[Recorded data]
::::::::
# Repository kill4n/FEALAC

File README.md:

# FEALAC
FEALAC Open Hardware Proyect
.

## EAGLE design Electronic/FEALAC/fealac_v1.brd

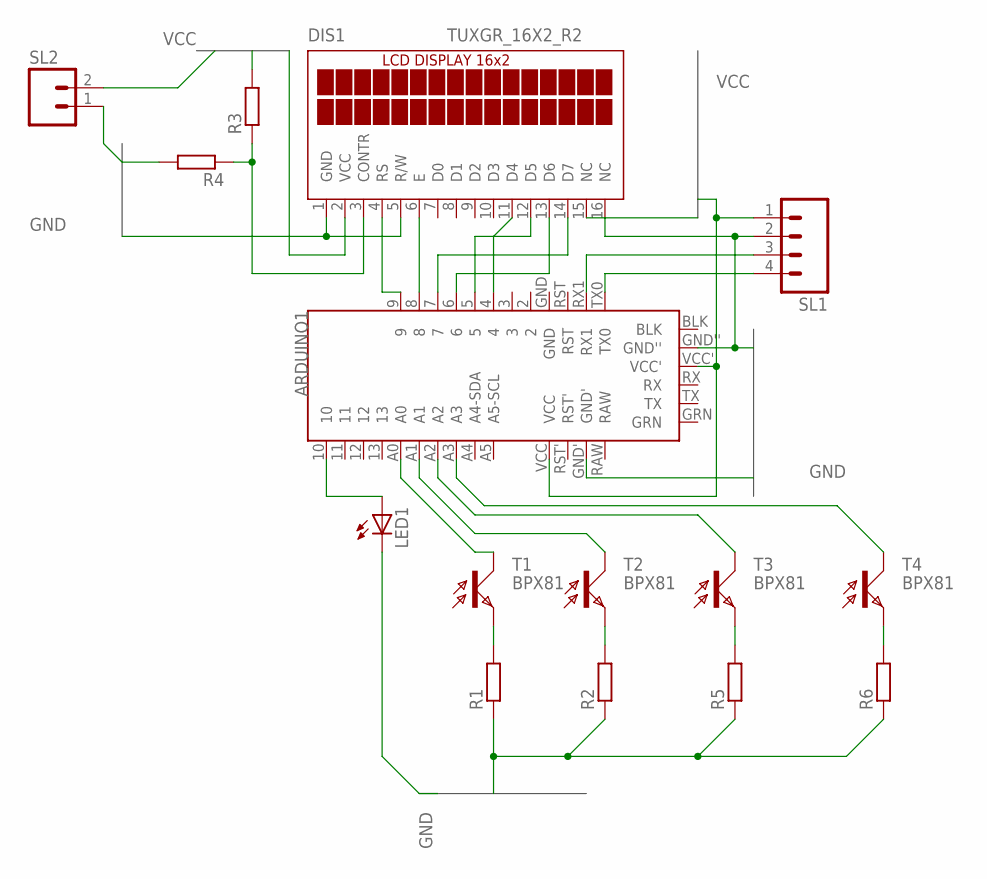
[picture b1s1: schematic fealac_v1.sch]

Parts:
ARDUINO1: ARDUINO_PRO_MINI_V2
DIS1: TUXGR_16X2_R2
LED1: LED3MM
R1, R2, R3, R4, R5, R6: R-EU_0204/7; 0204/7
SL1: M04; 04P
SL2: M02; 02P
T1, T2, T3, T4: BPX81

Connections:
GND: ARDUINO1.GND', ARDUINO1.GND'', DIS1.1 (GND), DIS1.5 (R/W), DIS1.16 (NC), LED1.K (C), R1.1, R2.1, R4.2, R5.1, R6.1, SL1.2, SL2.1
unnamed: DIS1.3 (CONTR), R3.1, R4.1
unnamed: ARDUINO1.4, DIS1.11 (D4)
unnamed: R1.2, T1.E
unnamed: ARDUINO1.RX1, SL1.3
unnamed: ARDUINO1.TX0, SL1.4
unnamed: ARDUINO1.10, LED1.A
unnamed: R6.2, T4.E
unnamed: ARDUINO1.9, DIS1.4 (RS)
unnamed: ARDUINO1.8, DIS1.6 (E)
unnamed: ARDUINO1.7, DIS1.14 (D7)
unnamed: ARDUINO1.6, DIS1.13 (D6)
unnamed: ARDUINO1.5, DIS1.12 (D5)
unnamed: R2.2, T2.E
unnamed: R5.2, T3.E
unnamed: ARDUINO1.A0, T1.C
unnamed: ARDUINO1.A1, T2.C
unnamed: ARDUINO1.A2, T3.C
unnamed: ARDUINO1.A3, T4.C
VCC: ARDUINO1.VCC, ARDUINO1.VCC', DIS1.2 (VCC), DIS1.15 (NC), R3.2, SL1.1, SL2.2

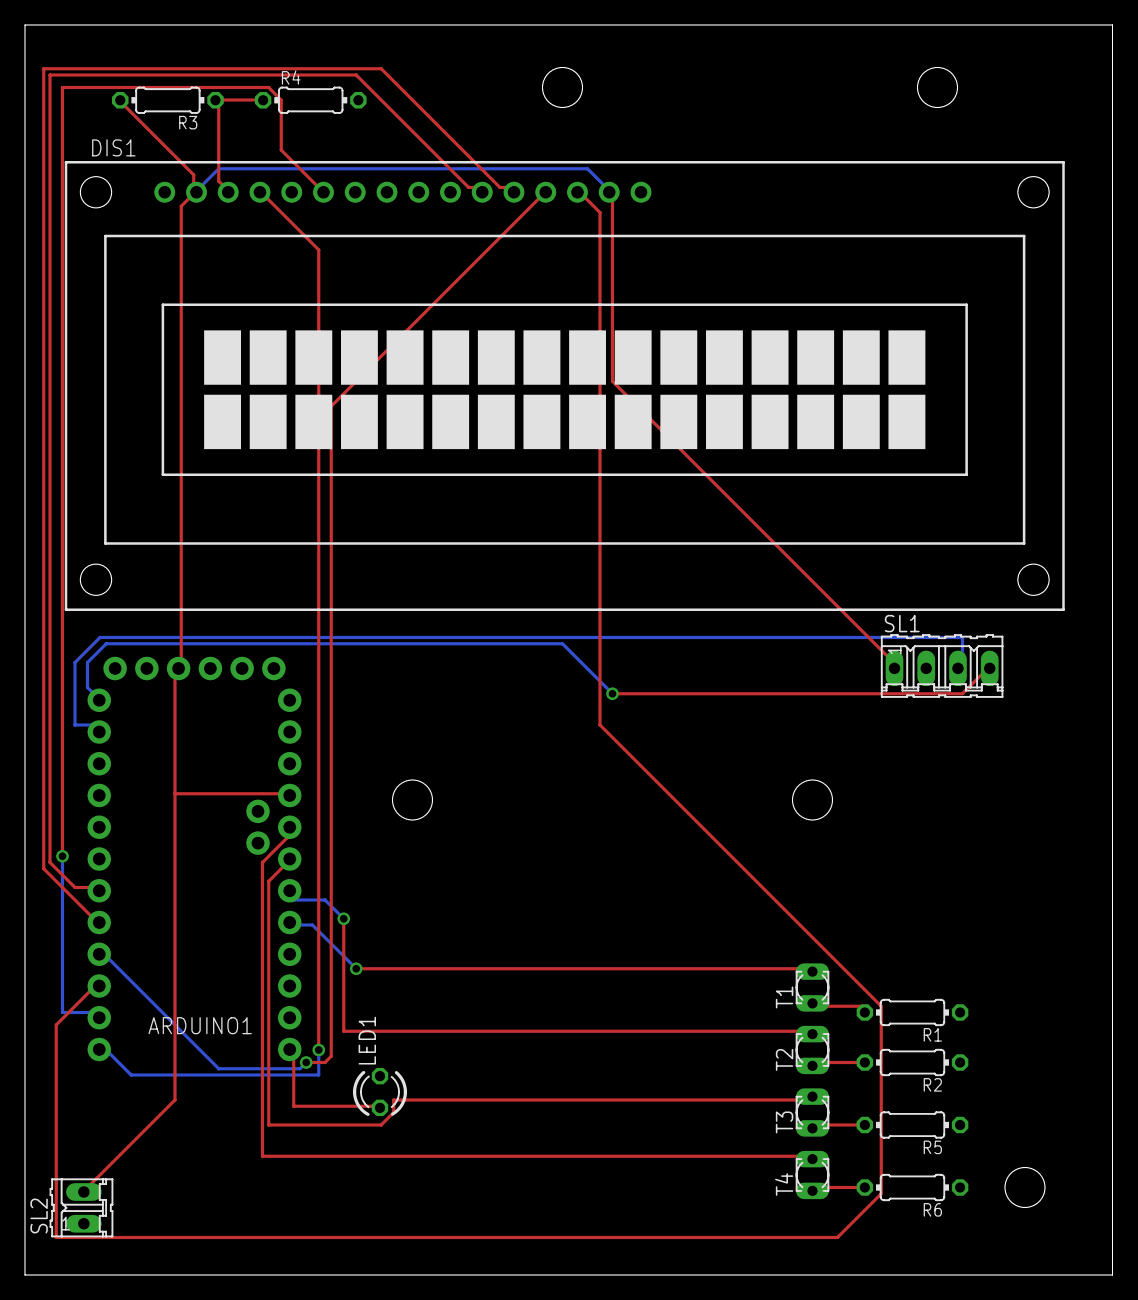
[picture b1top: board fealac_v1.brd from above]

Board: 2 copper layers, 87.0 x 100.0 mm, 15 parts (0 on the bottom side), 20 nets.

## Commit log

2016-03-14 Create gh-pages branch via GitHub
2016-03-14 Hardware
2016-03-14 uploaded
2016-03-14 .
    .
2016-03-14 Documentacion
2016-03-15 changes in idex.md
::::::::
> **TASK**:
I'd like the entries above repeated exactly, but without any of their pictures.

> **OUTPUT OF THE TASK**:
# Repository kill4n/FEALAC

File README.md:

# FEALAC
FEALAC Open Hardware Proyect
.

## EAGLE design Electronic/FEALAC/fealac_v1.brd

[picture b1s1: schematic fealac_v1.sch]

Parts:
ARDUINO1: ARDUINO_PRO_MINI_V2
DIS1: TUXGR_16X2_R2
LED1: LED3MM
R1, R2, R3, R4, R5, R6: R-EU_0204/7; 0204/7
SL1: M04; 04P
SL2: M02; 02P
T1, T2, T3, T4: BPX81

Connections:
GND: ARDUINO1.GND', ARDUINO1.GND'', DIS1.1 (GND), DIS1.5 (R/W), DIS1.16 (NC), LED1.K (C), R1.1, R2.1, R4.2, R5.1, R6.1, SL1.2, SL2.1
unnamed: DIS1.3 (CONTR), R3.1, R4.1
unnamed: ARDUINO1.4, DIS1.11 (D4)
unnamed: R1.2, T1.E
unnamed: ARDUINO1.RX1, SL1.3
unnamed: ARDUINO1.TX0, SL1.4
unnamed: ARDUINO1.10, LED1.A
unnamed: R6.2, T4.E
unnamed: ARDUINO1.9, DIS1.4 (RS)
unnamed: ARDUINO1.8, DIS1.6 (E)
unnamed: ARDUINO1.7, DIS1.14 (D7)
unnamed: ARDUINO1.6, DIS1.13 (D6)
unnamed: ARDUINO1.5, DIS1.12 (D5)
unnamed: R2.2, T2.E
unnamed: R5.2, T3.E
unnamed: ARDUINO1.A0, T1.C
unnamed: ARDUINO1.A1, T2.C
unnamed: ARDUINO1.A2, T3.C
unnamed: ARDUINO1.A3, T4.C
VCC: ARDUINO1.VCC, ARDUINO1.VCC', DIS1.2 (VCC), DIS1.15 (NC), R3.2, SL1.1, SL2.2

[picture b1top: board fealac_v1.brd from above]

Board: 2 copper layers, 87.0 x 100.0 mm, 15 parts (0 on the bottom side), 20 nets.

## Commit log

2016-03-14 Create gh-pages branch via GitHub
2016-03-14 Hardware
2016-03-14 uploaded
2016-03-14 .
    .
2016-03-14 Documentacion
2016-03-15 changes in idex.md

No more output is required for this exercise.